EXERCISE AIM: Below are records; copy exactly the line containing "Gain/1 -> Gain1/1, Sum1/1, Gain2/1" and every line after it, through the last.

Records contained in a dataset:

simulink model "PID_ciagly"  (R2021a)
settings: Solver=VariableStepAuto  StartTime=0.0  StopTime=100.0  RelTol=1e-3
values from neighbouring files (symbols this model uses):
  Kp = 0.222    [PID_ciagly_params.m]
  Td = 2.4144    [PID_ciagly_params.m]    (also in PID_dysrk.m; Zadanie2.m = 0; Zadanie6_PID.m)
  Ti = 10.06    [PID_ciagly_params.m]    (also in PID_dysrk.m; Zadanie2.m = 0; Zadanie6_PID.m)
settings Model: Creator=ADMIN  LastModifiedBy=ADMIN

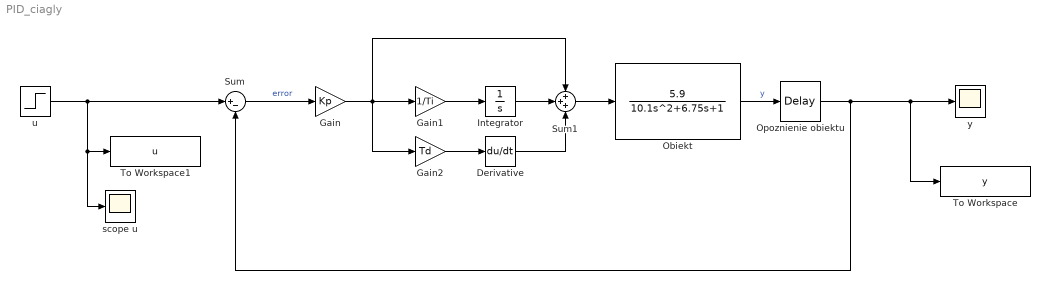
== system PID_ciagly ==
  " Opoznienie obiektu" : TransportDelay  DelayTime=5
  " Obiekt" : TransferFcn  Numerator=[5.9]  Denominator=[10.1 6.75 1]
  Derivative : Derivative
  Gain : Gain  Gain=Kp
  Gain1 : Gain  Gain=1/Ti
  Gain2 : Gain  Gain=Td
  Integrator : Integrator
  Sum : Sum  Inputs=|+-
  Sum1 : Sum  Inputs=+++
  To Workspace : ToWorkspace  VariableName=y  SaveFormat=Structure With Time  SampleTime=-1
  To Workspace1 : ToWorkspace  VariableName=u  SaveFormat=Structure With Time  SampleTime=-1
  scope u : Scope
  u : Step  SampleTime=0
  y : Scope
  wires:
  u/1 -> scope u/1, To Workspace1/1, Sum/1
  Sum/1 -> Gain/1  "error"
  Gain2/1 -> Derivative/1
  Gain1/1 -> Integrator/1
  Gain/1 -> Gain1/1, Sum1/1, Gain2/1
  Integrator/1 -> Sum1/2
  Derivative/1 -> Sum1/3
  Sum1/1 -> " Obiekt"/1
  " Obiekt"/1 -> " Opoznienie obiektu"/1  "y"
  " Opoznienie obiektu"/1 -> Sum/2, To Workspace/1, y/1

COMPLETED TASK:
  Gain/1 -> Gain1/1, Sum1/1, Gain2/1
  Integrator/1 -> Sum1/2
  Derivative/1 -> Sum1/3
  Sum1/1 -> " Obiekt"/1
  " Obiekt"/1 -> " Opoznienie obiektu"/1  "y"
  " Opoznienie obiektu"/1 -> Sum/2, To Workspace/1, y/1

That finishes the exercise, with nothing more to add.